> _Task description_: Return the records below from the line containing "(20.611, 0.213)], flags=0)" onward, exactly, through and including the last line.

[Collected data entries]
________________________________________
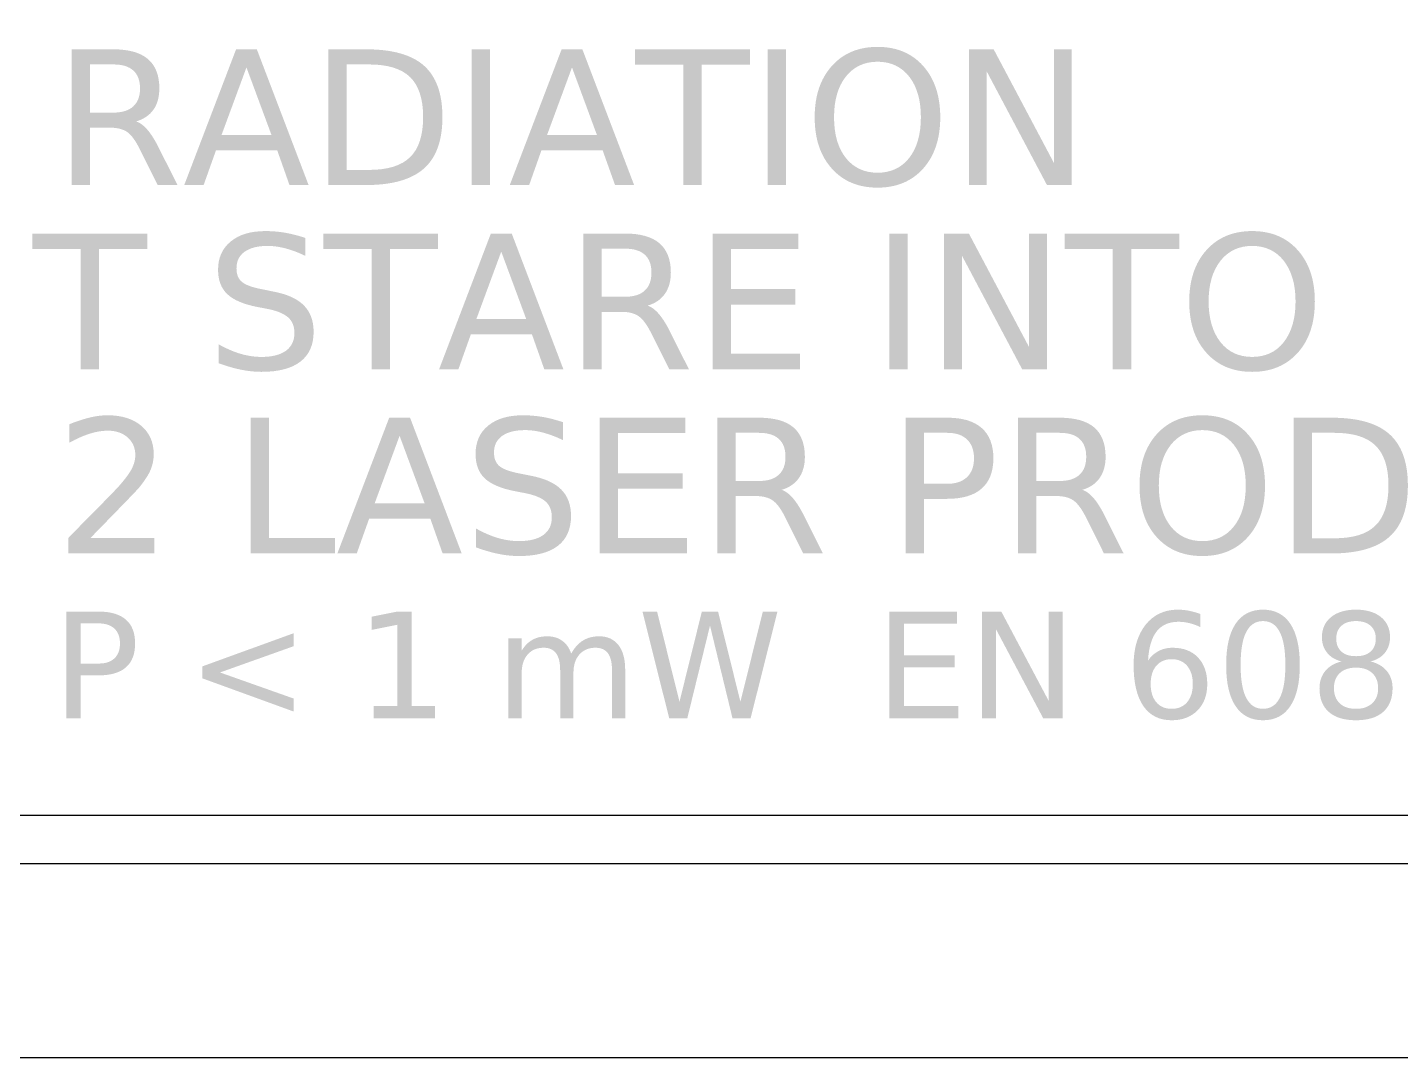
# Model space of a CAD drawing. Header units: millimetres. Extents: x 0 to 94.4, y -10 to 10.
# Drawn here: x 14.99 to 29.16, y -10 to 0.63 of the extents above; entities that cross this region are included whole.
import ezdxf

# ---------------------------------------------------------------- set-up
doc = ezdxf.new("R2010")
doc.units = ezdxf.units.MM
doc.layers.add('MARK', color=1, linetype='Continuous')
doc.layers.add('REF', color=8, linetype='Continuous')

msp = doc.modelspace()

# ---------------------------------------------------------------- hatches: boundary and pattern name
at = {"layer": 'MARK'}
h = msp.add_hatch(color=256, dxfattribs=at)
edge = h.paths.add_edge_path()
edge.add_spline(control_points=[(23.764, 0.425), (23.96, 0.425), (24.117, 0.36), (24.235, 0.228), (24.352, 0.096), (24.411, -0.08), (24.411, -0.301), (24.411, -0.522), (24.352, -0.698), (24.235, -0.83), (24.117, -0.961), (23.96, -1.027), (23.764, -1.027), (23.567, -1.027), (23.41, -0.962), (23.292, -0.83), (23.174, -0.699), (23.115, -0.523), (23.115, -0.301), (23.115, -0.08), (23.174, 0.096), (23.292, 0.228), (23.41, 0.36), (23.567, 0.425), (23.764, 0.425)], knot_values=[0, 0, 0, 0, 1, 1, 1, 2, 2, 2, 3, 3, 3, 4, 4, 4, 5, 5, 5, 6, 6, 6, 7, 7, 7, 8, 8, 8, 8], degree=3, periodic=0)
edge = h.paths.add_edge_path(flags=0)
edge.add_spline(control_points=[(23.764, 0.272), (23.627, 0.272), (23.517, 0.22), (23.436, 0.118), (23.355, 0.015), (23.315, -0.124), (23.315, -0.301), (23.315, -0.478), (23.355, -0.617), (23.436, -0.72), (23.517, -0.822), (23.627, -0.873), (23.764, -0.873), (23.902, -0.873), (24.01, -0.822), (24.091, -0.72), (24.171, -0.617), (24.211, -0.478), (24.211, -0.301), (24.211, -0.124), (24.171, 0.015), (24.091, 0.118), (24.01, 0.22), (23.902, 0.272), (23.764, 0.272)], knot_values=[0, 0, 0, 0, 1, 1, 1, 2, 2, 2, 3, 3, 3, 4, 4, 4, 5, 5, 5, 6, 6, 6, 7, 7, 7, 8, 8, 8, 8], degree=3, periodic=0)
h = msp.add_hatch(color=256, dxfattribs=at)
edge = h.paths.add_edge_path()
edge.add_spline(control_points=[(16.113, -0.344), (16.154, -0.357), (16.193, -0.387), (16.232, -0.432), (16.27, -0.477), (16.309, -0.539), (16.348, -0.617)], knot_values=[0, 0, 0, 0, 1, 1, 1, 2, 2, 2, 2], degree=3, periodic=0)
edge.add_line((16.348, -0.617), (16.54, -1))
edge.add_line((16.54, -1), (16.336, -1))
edge.add_line((16.336, -1), (16.157, -0.641))
edge.add_spline(control_points=[(16.157, -0.641), (16.111, -0.547), (16.066, -0.485), (16.023, -0.454), (15.979, -0.424), (15.92, -0.408), (15.845, -0.408)], knot_values=[0, 0, 0, 0, 1, 1, 1, 2, 2, 2, 2], degree=3, periodic=0)
edge.add_line((15.845, -0.408), (15.639, -0.408))
edge.add_line((15.639, -0.408), (15.639, -1))
edge.add_line((15.639, -1), (15.449, -1))
edge.add_line((15.449, -1), (15.449, 0.4))
edge.add_line((15.449, 0.4), (15.877, 0.4))
edge.add_spline(control_points=[(15.877, 0.4), (16.037, 0.4), (16.156, 0.367), (16.235, 0.3), (16.314, 0.233), (16.353, 0.132), (16.353, -0.003), (16.353, -0.091), (16.333, -0.165), (16.292, -0.223), (16.251, -0.281), (16.191, -0.321), (16.113, -0.344)], knot_values=[0, 0, 0, 0, 1, 1, 1, 2, 2, 2, 3, 3, 3, 4, 4, 4, 4], degree=3, periodic=0)
edge = h.paths.add_edge_path(flags=0)
edge.add_line((15.639, 0.244), (15.639, -0.253))
edge.add_line((15.639, -0.253), (15.877, -0.253))
edge.add_spline(control_points=[(15.877, -0.253), (15.968, -0.253), (16.037, -0.232), (16.084, -0.189), (16.13, -0.147), (16.154, -0.085), (16.154, -0.003), (16.154, 0.079), (16.13, 0.14), (16.084, 0.182), (16.037, 0.224), (15.968, 0.244), (15.877, 0.244)], knot_values=[0, 0, 0, 0, 1, 1, 1, 2, 2, 2, 3, 3, 3, 4, 4, 4, 4], degree=3, periodic=0)
edge.add_line((15.877, 0.244), (15.639, 0.244))
h = msp.add_hatch(color=256, dxfattribs=at)
h.paths.add_polyline_path([(17.145, 0.4), (17.359, 0.4), (17.893, -1), (17.696, -1), (17.569, -0.641), (16.938, -0.641), (16.81, -1), (16.61, -1), (17.145, 0.4)])
h.paths.add_polyline_path([(17.252, 0.213), (16.995, -0.483), (17.51, -0.483), (17.252, 0.213)], flags=0)
h = msp.add_hatch(color=256, dxfattribs=at)
edge = h.paths.add_edge_path()
edge.add_line((18.097, 0.4), (18.487, 0.4))
edge.add_spline(control_points=[(18.487, 0.4), (18.758, 0.4), (18.957, 0.344), (19.084, 0.231), (19.211, 0.118), (19.274, -0.059), (19.274, -0.299), (19.274, -0.54), (19.211, -0.717), (19.083, -0.83), (18.955, -0.943), (18.757, -1), (18.487, -1)], knot_values=[0, 0, 0, 0, 1, 1, 1, 2, 2, 2, 3, 3, 3, 4, 4, 4, 4], degree=3, periodic=0)
edge.add_line((18.487, -1), (18.097, -1))
edge.add_line((18.097, -1), (18.097, 0.4))
edge = h.paths.add_edge_path(flags=0)
edge.add_line((18.287, 0.244), (18.287, -0.844))
edge.add_line((18.287, -0.844), (18.516, -0.844))
edge.add_spline(control_points=[(18.516, -0.844), (18.709, -0.844), (18.85, -0.801), (18.94, -0.713), (19.03, -0.626), (19.075, -0.487), (19.075, -0.299), (19.075, -0.111), (19.03, 0.026), (18.94, 0.114), (18.85, 0.201), (18.709, 0.244), (18.516, 0.244)], knot_values=[0, 0, 0, 0, 1, 1, 1, 2, 2, 2, 3, 3, 3, 4, 4, 4, 4], degree=3, periodic=0)
edge.add_line((18.516, 0.244), (18.287, 0.244))
for points in [[(19.576, 0.4), (19.766, 0.4), (19.766, -1), (19.576, -1), (19.576, 0.4)], [(21.262, 0.4), (22.447, 0.4), (22.447, 0.241), (21.95, 0.241), (21.95, -1), (21.759, -1), (21.759, 0.241), (21.262, 0.241), (21.262, 0.4)], [(22.629, 0.4), (22.819, 0.4), (22.819, -1), (22.629, -1), (22.629, 0.4)], [(24.707, 0.4), (24.962, 0.4), (25.583, -0.771), (25.583, 0.4), (25.767, 0.4), (25.767, -1), (25.512, -1), (24.891, 0.171), (24.891, -1), (24.707, -1), (24.707, 0.4)], [(15.043, -1.5), (16.228, -1.5), (16.228, -1.659), (15.731, -1.659), (15.731, -2.9), (15.54, -2.9), (15.54, -1.659), (15.043, -1.659), (15.043, -1.5)], [(18.046, -1.5), (19.23, -1.5), (19.23, -1.659), (18.733, -1.659), (18.733, -2.9), (18.543, -2.9), (18.543, -1.659), (18.046, -1.659), (18.046, -1.5)], [(22.061, -1.5), (22.946, -1.5), (22.946, -1.659), (22.251, -1.659), (22.251, -2.074), (22.917, -2.074), (22.917, -2.233), (22.251, -2.233), (22.251, -2.741), (22.963, -2.741), (22.963, -2.9), (22.061, -2.9), (22.061, -1.5)], [(23.885, -1.5), (24.074, -1.5), (24.074, -2.9), (23.885, -2.9), (23.885, -1.5)], [(24.451, -1.5), (24.706, -1.5), (25.327, -2.671), (25.327, -1.5), (25.511, -1.5), (25.511, -2.9), (25.256, -2.9), (24.635, -1.729), (24.635, -2.9), (24.451, -2.9), (24.451, -1.5)], [(25.694, -1.5), (26.878, -1.5), (26.878, -1.659), (26.381, -1.659), (26.381, -2.9), (26.191, -2.9), (26.191, -1.659), (25.694, -1.659), (25.694, -1.5)], [(17.294, -3.4), (17.483, -3.4), (17.483, -4.641), (18.165, -4.641), (18.165, -4.8), (17.294, -4.8), (17.294, -3.4)], [(20.897, -3.4), (21.782, -3.4), (21.782, -3.559), (21.086, -3.559), (21.086, -3.974), (21.753, -3.974), (21.753, -4.133), (21.086, -4.133), (21.086, -4.641), (21.799, -4.641), (21.799, -4.8), (20.897, -4.8), (20.897, -3.4)], [(18.566, -6.375), (18.809, -6.375), (18.809, -5.536), (18.544, -5.589), (18.544, -5.453), (18.807, -5.4), (18.956, -5.4), (18.956, -6.375), (19.199, -6.375), (19.199, -6.5), (18.566, -6.5), (18.566, -6.375)], [(21.338, -5.4), (21.489, -5.4), (21.72, -6.33), (21.951, -5.4), (22.118, -5.4), (22.349, -6.33), (22.58, -5.4), (22.731, -5.4), (22.454, -6.5), (22.267, -6.5), (22.035, -5.545), (21.801, -6.5), (21.614, -6.5), (21.338, -5.4)], [(23.887, -5.4), (24.583, -5.4), (24.583, -5.525), (24.036, -5.525), (24.036, -5.851), (24.56, -5.851), (24.56, -5.976), (24.036, -5.976), (24.036, -6.375), (24.596, -6.375), (24.596, -6.5), (23.887, -6.5), (23.887, -5.4)], [(24.841, -5.4), (25.041, -5.4), (25.529, -6.32), (25.529, -5.4), (25.673, -5.4), (25.673, -6.5), (25.473, -6.5), (24.985, -5.58), (24.985, -6.5), (24.841, -6.5), (24.841, -5.4)], [(17.739, -5.757), (16.979, -6.028), (17.739, -6.297), (17.739, -6.431), (16.795, -6.088), (16.795, -5.966), (17.739, -5.623), (17.739, -5.757)]]:
    msp.add_hatch(color=256, dxfattribs=at).paths.add_polyline_path(points)
h = msp.add_hatch(color=256, dxfattribs=at)
h.paths.add_polyline_path([(20.504, 0.4), (20.718, 0.4), (21.252, -1), (21.055, -1), (20.927, -0.641), (20.296, -0.641), (20.169, -1), (19.969, -1), (20.504, 0.4)])
h.paths.add_polyline_path([(20.611, 0.213), (20.354, -0.483), (20.868, -0.483), (20.611, 0.213)], flags=0)
h = msp.add_hatch(color=256, dxfattribs=at)
edge = h.paths.add_edge_path()
edge.add_line((17.86, -1.546), (17.86, -1.731))
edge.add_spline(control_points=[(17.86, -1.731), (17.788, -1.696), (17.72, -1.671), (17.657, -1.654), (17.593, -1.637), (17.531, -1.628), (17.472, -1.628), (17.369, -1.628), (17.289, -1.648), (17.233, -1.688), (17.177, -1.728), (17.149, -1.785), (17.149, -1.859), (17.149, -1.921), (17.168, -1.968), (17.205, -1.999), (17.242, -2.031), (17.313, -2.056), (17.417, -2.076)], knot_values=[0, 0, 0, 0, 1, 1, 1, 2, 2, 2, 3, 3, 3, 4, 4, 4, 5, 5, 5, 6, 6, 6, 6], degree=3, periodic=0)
________________________________________
> _Completed task_:
h.paths.add_polyline_path([(20.611, 0.213), (20.354, -0.483), (20.868, -0.483), (20.611, 0.213)], flags=0)
h = msp.add_hatch(color=256, dxfattribs=at)
edge = h.paths.add_edge_path()
edge.add_line((17.86, -1.546), (17.86, -1.731))
edge.add_spline(control_points=[(17.86, -1.731), (17.788, -1.696), (17.72, -1.671), (17.657, -1.654), (17.593, -1.637), (17.531, -1.628), (17.472, -1.628), (17.369, -1.628), (17.289, -1.648), (17.233, -1.688), (17.177, -1.728), (17.149, -1.785), (17.149, -1.859), (17.149, -1.921), (17.168, -1.968), (17.205, -1.999), (17.242, -2.031), (17.313, -2.056), (17.417, -2.076)], knot_values=[0, 0, 0, 0, 1, 1, 1, 2, 2, 2, 3, 3, 3, 4, 4, 4, 5, 5, 5, 6, 6, 6, 6], degree=3, periodic=0)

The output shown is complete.